Output all entries verbatim, dropping pictures.

*** Provided records Section Begins ***

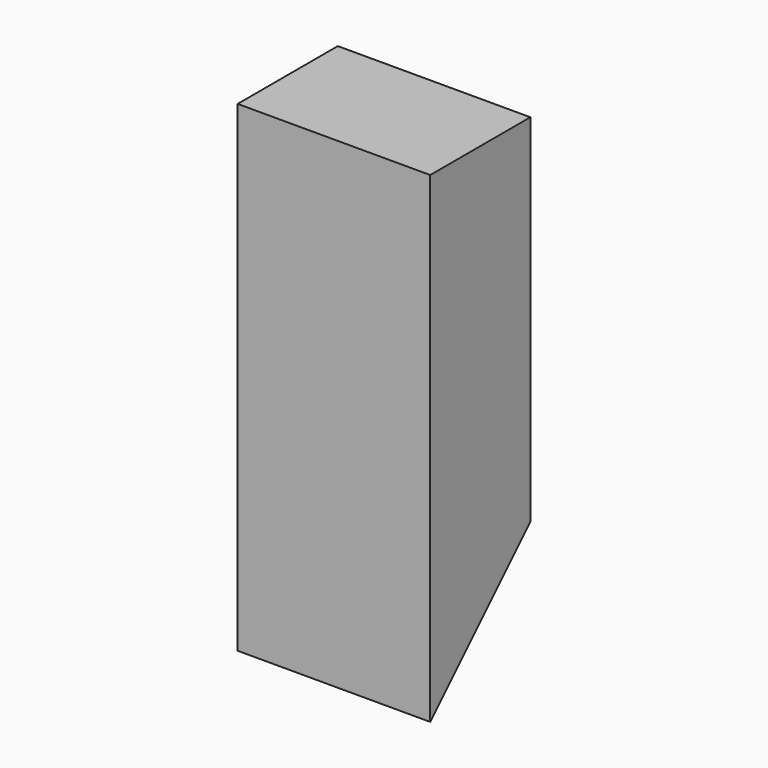
from build123d import *

# Parameters (mm, degrees)
F0_W     = 50.8
F0_H     = 127
F1_DEPTH = 33.02
F2_SIZE  = 33.01999


# Not quite as in the source:
# - a fillet or chamfer is up to 0.001 mm smaller than in the source, because OpenCascade refuses the exact size


with BuildPart() as f1:
    # F0 (on Front) → F1 (new body)
    with BuildSketch(Plane.XZ):
        Rectangle(F0_W, F0_H)
    extrude(amount=F1_DEPTH)

    # F2 (size 33.02 in the source; OpenCascade refuses exactly that, so slightly less here)
    f2_edges = [f1.edges().sort_by_distance(p)[0] for p in [
        (0, 0, -63.5),
    ]]
    chamfer(f2_edges, length=F2_SIZE)


solid = f1.part
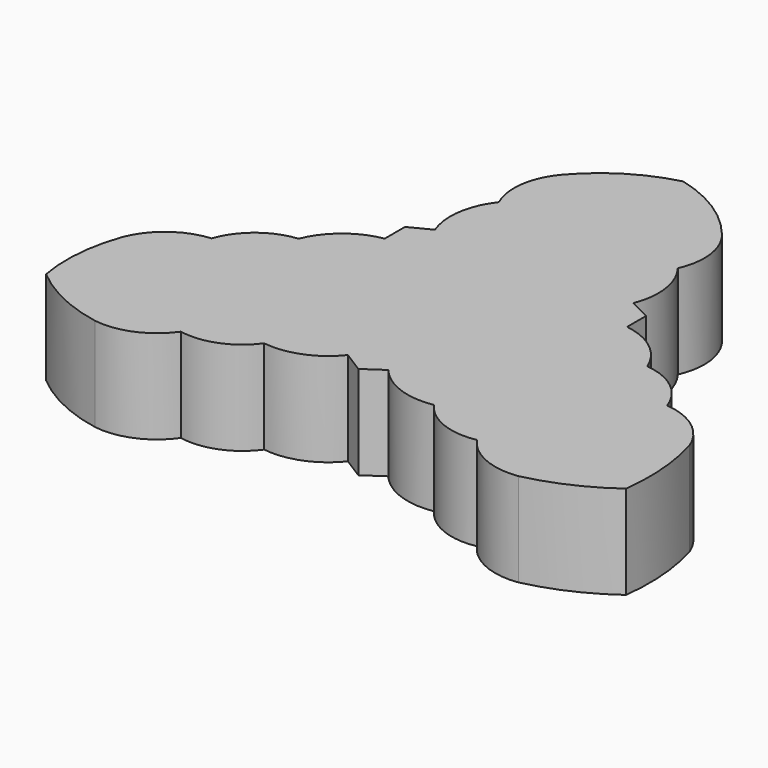
from build123d import *

# Parameters (mm, degrees)
F1_DEPTH = 9.525


# Not quite as in the source:
# - a length typed as a fraction of an inch, garbled in the dataset ("3 / 203.2 mm" for 3/8 in), is restored


with BuildPart() as f1:
    # F0 (on Top) → F1 (new body)
    with BuildSketch(Plane.XY):
        with BuildLine():
            ThreePointArc((0, 27.0671695471), (-4.5048536548, 25.1556778504), (-8.2258973271, 21.977417171))
            ThreePointArc((-8.2258973271, 21.977417171), (-9.7181261566, 18.698842434), (-9.2097157612, 15.1327075437))
            ThreePointArc((-9.2097157612, 15.1327075437), (-10.6205392688, 11.8246856933), (-10.2093555033, 8.2519613206))
            Line((-10.2093555033, 8.2519613206), (-12.369341217, 7.1464567445))
            Line((-12.369341217, 7.1464567445), (-12.369341217, 4.6386048198))
            Line((-12.369341217, 4.6386048198), (-12.369341217, 4.5682978211))
            ThreePointArc((-12.369341217, 4.5682978211), (-15.5930977879, 3.1185654947), (-17.7027139134, 0.2823972963))
            ThreePointArc((-17.7027139134, 0.2823972963), (-21.0452825194, -1.0603738309), (-23.1384971151, -3.9919692741))
            ThreePointArc((-23.1384971151, -3.9919692741), (-26.5647165348, -5.2934051439), (-28.80180468, -8.19653302))
            ThreePointArc((-28.80180468, -8.19653302), (-29.7673344436, -12.5572908836), (-29.5614041388, -17.0189104974))
            ThreePointArc((-29.5614041388, -17.0189104974), (-25.7783661022, -19.4669407743), (-21.4921734029, -20.8571857766))
            ThreePointArc((-21.4921734029, -20.8571857766), (-17.8594468391, -20.3713745504), (-15.0192606046, -18.054899429))
            ThreePointArc((-15.0192606046, -18.054899429), (-11.4338171794, -17.7079201351), (-8.5996589687, -15.484556372))
            ThreePointArc((-8.5996589687, -15.484556372), (-5.0294162563, -15.0523544446), (-2.1409380715, -12.9098966718))
            Line((-2.1409380715, -12.9098966718), (0, -14.2561570176))
            Line((0, -14.2561570176), (1.9696742658, -12.9098966718))
            ThreePointArc((1.9696742658, -12.9098966718), (4.9392756736, -15.0084468105), (8.560301624, -15.3410370587))
            ThreePointArc((8.560301624, -15.3410370587), (11.3944598347, -17.5644008218), (14.9799032599, -17.9113801157))
            ThreePointArc((14.9799032599, -17.9113801157), (17.8200894944, -20.2278552371), (21.4528160582, -20.7136664634))
            ThreePointArc((21.4528160582, -20.7136664634), (25.6558468929, -19.2922500665), (29.4813849032, -17.0447733253))
            ThreePointArc((29.4813849032, -17.0447733253), (29.5836204245, -12.511977875), (28.7624473353, -8.0530137067))
            ThreePointArc((28.7624473353, -8.0530137067), (26.5253591901, -5.1498858306), (23.0991397704, -3.8484499608))
            ThreePointArc((23.0991397704, -3.8484499608), (21.0059251747, -0.9168545176), (17.6633565687, 0.4259166096))
            ThreePointArc((17.6633565687, 0.4259166096), (15.4847616458, 3.3168082822), (12.1560195839, 4.739132713))
            Line((12.1560195839, 4.739132713), (12.1560195839, 7.1464567445))
            Line((12.1560195839, 7.1464567445), (9.9960338703, 8.2519613206))
            ThreePointArc((9.9960338703, 8.2519613206), (10.4072176357, 11.8246856933), (8.9963941282, 15.1327075437))
            ThreePointArc((8.9963941282, 15.1327075437), (9.5048045235, 18.698842434), (8.012575694, 21.977417171))
            ThreePointArc((8.012575694, 21.977417171), (4.4155385291, 25.1665589), (0, 27.0671695471))
        make_face()
    extrude(amount=F1_DEPTH)


solid = f1.part

*** Provided records Section Ends ***

● **Exercise solution**
from build123d import *

# Parameters (mm, degrees)
F0_W     = 50.8
F0_H     = 127
F1_DEPTH = 33.02
F2_SIZE  = 33.01999


# Not quite as in the source:
# - a fillet or chamfer is up to 0.001 mm smaller than in the source, because OpenCascade refuses the exact size


with BuildPart() as f1:
    # F0 (on Front) → F1 (new body)
    with BuildSketch(Plane.XZ):
        Rectangle(F0_W, F0_H)
    extrude(amount=F1_DEPTH)

    # F2 (size 33.02 in the source; OpenCascade refuses exactly that, so slightly less here)
    f2_edges = [f1.edges().sort_by_distance(p)[0] for p in [
        (0, 0, -63.5),
    ]]
    chamfer(f2_edges, length=F2_SIZE)


solid = f1.part
from build123d import *

# Parameters (mm, degrees)
F1_DEPTH = 9.525


# Not quite as in the source:
# - a length typed as a fraction of an inch, garbled in the dataset ("3 / 203.2 mm" for 3/8 in), is restored


with BuildPart() as f1:
    # F0 (on Top) → F1 (new body)
    with BuildSketch(Plane.XY):
        with BuildLine():
            ThreePointArc((0, 27.0671695471), (-4.5048536548, 25.1556778504), (-8.2258973271, 21.977417171))
            ThreePointArc((-8.2258973271, 21.977417171), (-9.7181261566, 18.698842434), (-9.2097157612, 15.1327075437))
            ThreePointArc((-9.2097157612, 15.1327075437), (-10.6205392688, 11.8246856933), (-10.2093555033, 8.2519613206))
            Line((-10.2093555033, 8.2519613206), (-12.369341217, 7.1464567445))
            Line((-12.369341217, 7.1464567445), (-12.369341217, 4.6386048198))
            Line((-12.369341217, 4.6386048198), (-12.369341217, 4.5682978211))
            ThreePointArc((-12.369341217, 4.5682978211), (-15.5930977879, 3.1185654947), (-17.7027139134, 0.2823972963))
            ThreePointArc((-17.7027139134, 0.2823972963), (-21.0452825194, -1.0603738309), (-23.1384971151, -3.9919692741))
            ThreePointArc((-23.1384971151, -3.9919692741), (-26.5647165348, -5.2934051439), (-28.80180468, -8.19653302))
            ThreePointArc((-28.80180468, -8.19653302), (-29.7673344436, -12.5572908836), (-29.5614041388, -17.0189104974))
            ThreePointArc((-29.5614041388, -17.0189104974), (-25.7783661022, -19.4669407743), (-21.4921734029, -20.8571857766))
            ThreePointArc((-21.4921734029, -20.8571857766), (-17.8594468391, -20.3713745504), (-15.0192606046, -18.054899429))
            ThreePointArc((-15.0192606046, -18.054899429), (-11.4338171794, -17.7079201351), (-8.5996589687, -15.484556372))
            ThreePointArc((-8.5996589687, -15.484556372), (-5.0294162563, -15.0523544446), (-2.1409380715, -12.9098966718))
            Line((-2.1409380715, -12.9098966718), (0, -14.2561570176))
            Line((0, -14.2561570176), (1.9696742658, -12.9098966718))
            ThreePointArc((1.9696742658, -12.9098966718), (4.9392756736, -15.0084468105), (8.560301624, -15.3410370587))
            ThreePointArc((8.560301624, -15.3410370587), (11.3944598347, -17.5644008218), (14.9799032599, -17.9113801157))
            ThreePointArc((14.9799032599, -17.9113801157), (17.8200894944, -20.2278552371), (21.4528160582, -20.7136664634))
            ThreePointArc((21.4528160582, -20.7136664634), (25.6558468929, -19.2922500665), (29.4813849032, -17.0447733253))
            ThreePointArc((29.4813849032, -17.0447733253), (29.5836204245, -12.511977875), (28.7624473353, -8.0530137067))
            ThreePointArc((28.7624473353, -8.0530137067), (26.5253591901, -5.1498858306), (23.0991397704, -3.8484499608))
            ThreePointArc((23.0991397704, -3.8484499608), (21.0059251747, -0.9168545176), (17.6633565687, 0.4259166096))
            ThreePointArc((17.6633565687, 0.4259166096), (15.4847616458, 3.3168082822), (12.1560195839, 4.739132713))
            Line((12.1560195839, 4.739132713), (12.1560195839, 7.1464567445))
            Line((12.1560195839, 7.1464567445), (9.9960338703, 8.2519613206))
            ThreePointArc((9.9960338703, 8.2519613206), (10.4072176357, 11.8246856933), (8.9963941282, 15.1327075437))
            ThreePointArc((8.9963941282, 15.1327075437), (9.5048045235, 18.698842434), (8.012575694, 21.977417171))
            ThreePointArc((8.012575694, 21.977417171), (4.4155385291, 25.1665589), (0, 27.0671695471))
        make_face()
    extrude(amount=F1_DEPTH)


solid = f1.part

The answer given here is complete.